Problem description:
Search the records for the string "dxfattribs" and copy every line in which it appears.
--
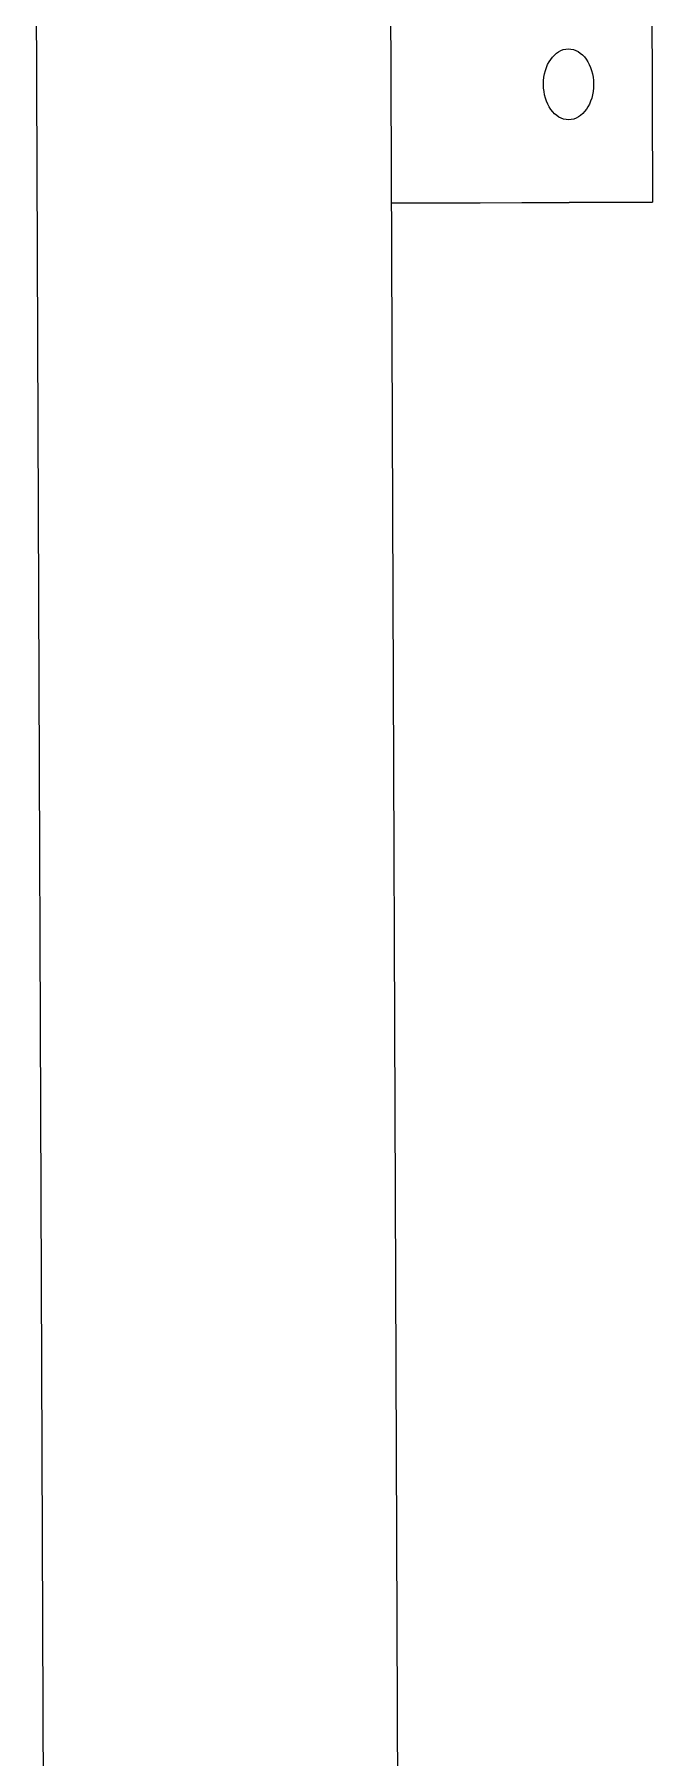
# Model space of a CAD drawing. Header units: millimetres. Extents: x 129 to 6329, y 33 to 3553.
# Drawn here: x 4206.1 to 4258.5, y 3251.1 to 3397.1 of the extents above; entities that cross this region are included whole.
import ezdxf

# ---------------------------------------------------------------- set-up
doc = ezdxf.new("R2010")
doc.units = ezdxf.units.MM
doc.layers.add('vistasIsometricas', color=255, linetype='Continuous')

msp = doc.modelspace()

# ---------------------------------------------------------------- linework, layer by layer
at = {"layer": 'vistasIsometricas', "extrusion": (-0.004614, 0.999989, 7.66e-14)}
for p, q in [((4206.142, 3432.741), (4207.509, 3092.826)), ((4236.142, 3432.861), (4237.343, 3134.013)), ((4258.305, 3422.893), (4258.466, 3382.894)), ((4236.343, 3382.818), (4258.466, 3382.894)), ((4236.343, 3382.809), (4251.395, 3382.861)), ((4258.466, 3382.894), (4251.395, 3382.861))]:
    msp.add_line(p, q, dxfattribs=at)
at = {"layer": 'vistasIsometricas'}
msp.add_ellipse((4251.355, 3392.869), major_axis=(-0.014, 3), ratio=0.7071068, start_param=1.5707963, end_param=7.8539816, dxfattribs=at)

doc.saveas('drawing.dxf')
--
Response for this exercise:
    msp.add_line(p, q, dxfattribs=at)
msp.add_ellipse((4251.355, 3392.869), major_axis=(-0.014, 3), ratio=0.7071068, start_param=1.5707963, end_param=7.8539816, dxfattribs=at)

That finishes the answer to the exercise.